WORK REQUEST: Copy, in full, each line of the material that holds the word "ByBlock".

EXTRACTED INFORMATION:
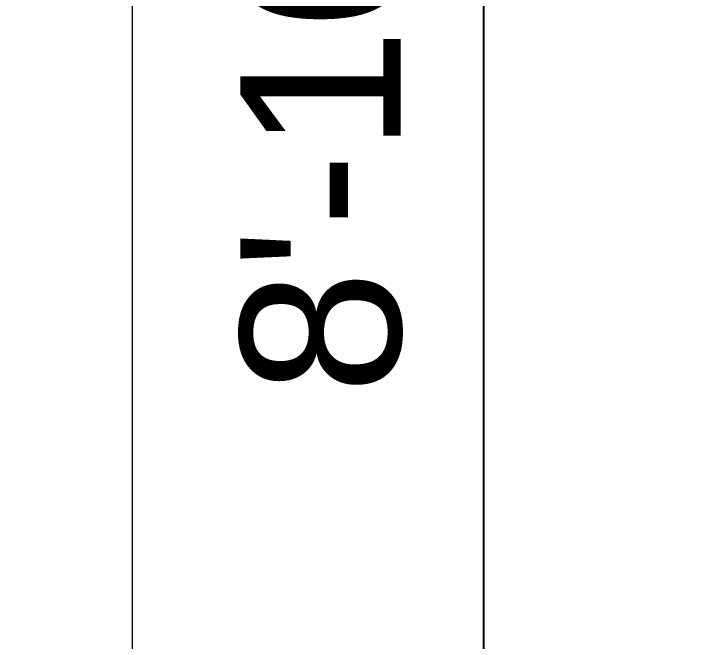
# Model space of a CAD drawing. Extents: x 65572 to 72871, y 30718 to 33858.
# Drawn here: x 66035.18 to 66060.62, y 33449.66 to 33473.15 of the extents above; entities that cross this region are included whole.
import ezdxf

# ---------------------------------------------------------------- set-up
doc = ezdxf.new("R2010")
doc.units = 0
doc.header["$LTSCALE"] = 0.5
doc.header["$MEASUREMENT"] = 0
doc.layers.get('0').update_dxf_attribs({"color": 20, "linetype": 'CONTINUOUS'})
doc.layers.get('DEFPOINTS').update_dxf_attribs({"linetype": 'CONTINUOUS', "lineweight": 5})
doc.layers.add('Annotations', color=40, linetype='CONTINUOUS', lineweight=5)
doc.layers.add('Viewed', color=150, linetype='CONTINUOUS', lineweight=9)
doc.styles.get("Standard").update_dxf_attribs({"font": 'arial.ttf'})
doc.dimstyles.new('ARCH', dxfattribs={"dimscale": 96, "dimtxt": 0.0625, "dimasz": 0.0625, "dimexe": 0.04, "dimexo": 0.09375, "dimgap": 0.03125, "dimtad": 1, "dimdec": 0, "dimrnd": 0.0625, "dimzin": 3, "dimdsep": 46, "dimlunit": 4, "dimtxsty": 'Standard', "dimblk1": 'ARCHTICK', "dimblk2": 'ARCHTICK', "dimsah": 1, "dimcen": 0, "dimdle": 0.03125, "dimclrd": 256, "dimclre": 256, "dimclrt": 256, "dimazin": 0, "dimtfac": 1, "dimtdec": 0, "dimtmove": 2, "dimatfit": 3, "dimldrblk": 'OBLIQUE', "dimfxl": 0.3, "dimfxlon": 1, "dimfrac": 2, "dimarcsym": 0})

# ---------------------------------------------------------------- blocks, each defined once
blk = doc.blocks.new('_ArchTick')
at = {"const_width": 0.15}
blk.add_lwpolyline([(-0.5, -0.5), (0.5, 0.5)], dxfattribs=at)
blk = doc.blocks.new('*D24')
at = {"layer": 'Annotations', "linetype": 'ByBlock', "lineweight": -2}
for p, q in [((66052.774, 33413.581), (66052.774, 33525.563)), ((66060.622, 33522.563), (66056.614, 33522.563)), ((66048.622, 33416.581), (66056.614, 33416.581))]:
    blk.add_line(p, q, dxfattribs=at)
at = {"layer": 'DEFPOINTS', "color": 0}
for p in [(66051.622, 33522.563), (66052.774, 33522.563), (66039.622, 33416.581)]:
    blk.add_point(p, dxfattribs=at)
at = {"layer": 'Annotations', "lineweight": -2, "xscale": 6, "yscale": 6, "zscale": 6}
for p, rotation in [((66052.774, 33522.563), 89.99999999708135), ((66052.774, 33416.581), 269.9999999970813)]:
    blk.add_blockref('_ArchTick', p, dxfattribs=dict(at, rotation=rotation))
at = {"layer": 'Annotations', "insert": (66046.711, 33469.572), "char_height": 6, "attachment_point": 5, "rotation": 90}
blk.add_mtext('8\'-10"', dxfattribs=at)
blk = doc.blocks.new('_Oblique')
at = {"lineweight": -2}
blk.add_line((-0.5, -0.5), (0.5, 0.5), dxfattribs=at)
blk = doc.blocks.new('*D87')
at = {"layer": 'Annotations', "linetype": 'ByBlock', "lineweight": -2}
for p, q in [((66026.93, 33413.571), (66026.93, 33536.563)), ((66030.623, 33533.563), (66023.09, 33533.563)), ((66030.622, 33416.571), (66023.09, 33416.571))]:
    blk.add_line(p, q, dxfattribs=at)
at = {"layer": 'DEFPOINTS', "color": 0}
for p in [(66026.93, 33533.563), (66039.623, 33533.563), (66039.622, 33416.571)]:
    blk.add_point(p, dxfattribs=at)
at = {"layer": 'Annotations', "lineweight": -2, "xscale": 6, "yscale": 6, "zscale": 6}
for p, rotation in [((66026.93, 33533.563), 90), ((66026.93, 33416.571), 270)]:
    blk.add_blockref('_ArchTick', p, dxfattribs=dict(at, rotation=rotation))
at = {"layer": 'Annotations', "insert": (66020.867, 33475.067), "char_height": 6, "attachment_point": 5, "rotation": 90}
blk.add_mtext('9\'-9"', dxfattribs=at)

msp = doc.modelspace()

# ---------------------------------------------------------------- linework, layer by layer
at = {"layer": 'Viewed', "linetype": 'ByBlock'}
msp.add_line((66039.621614, 33522.562859), (66039.621614, 33416.571475), dxfattribs=at)

# ---------------------------------------------------------------- dimensions: what is measured, and where the dimension line sits
at = {"layer": 'Annotations', "linetype": 'ByBlock'}
for base, p1, p2, picture, middle in [((66026.930301, 33533.562913), (66039.621614, 33416.571475), (66039.623085, 33533.562913), '*D87', (66020.867301, 33475.067194)), ((66052.773717, 33522.562859), (66039.621614, 33416.58061), (66051.621673, 33522.562859), '*D24', (66046.710717, 33469.571735))]:
    dim = msp.add_linear_dim(base=base, p1=p1, p2=p2, angle=90, dimstyle='ARCH', dxfattribs=at)
    dim.commit()
    dim.dimension.update_dxf_attribs({"geometry": picture, "text_midpoint": middle})

doc.saveas('drawing.dxf')

OUTPUT BELOW:
at = {"layer": 'Annotations', "linetype": 'ByBlock', "lineweight": -2}
at = {"layer": 'Annotations', "linetype": 'ByBlock', "lineweight": -2}
at = {"layer": 'Viewed', "linetype": 'ByBlock'}
at = {"layer": 'Annotations', "linetype": 'ByBlock'}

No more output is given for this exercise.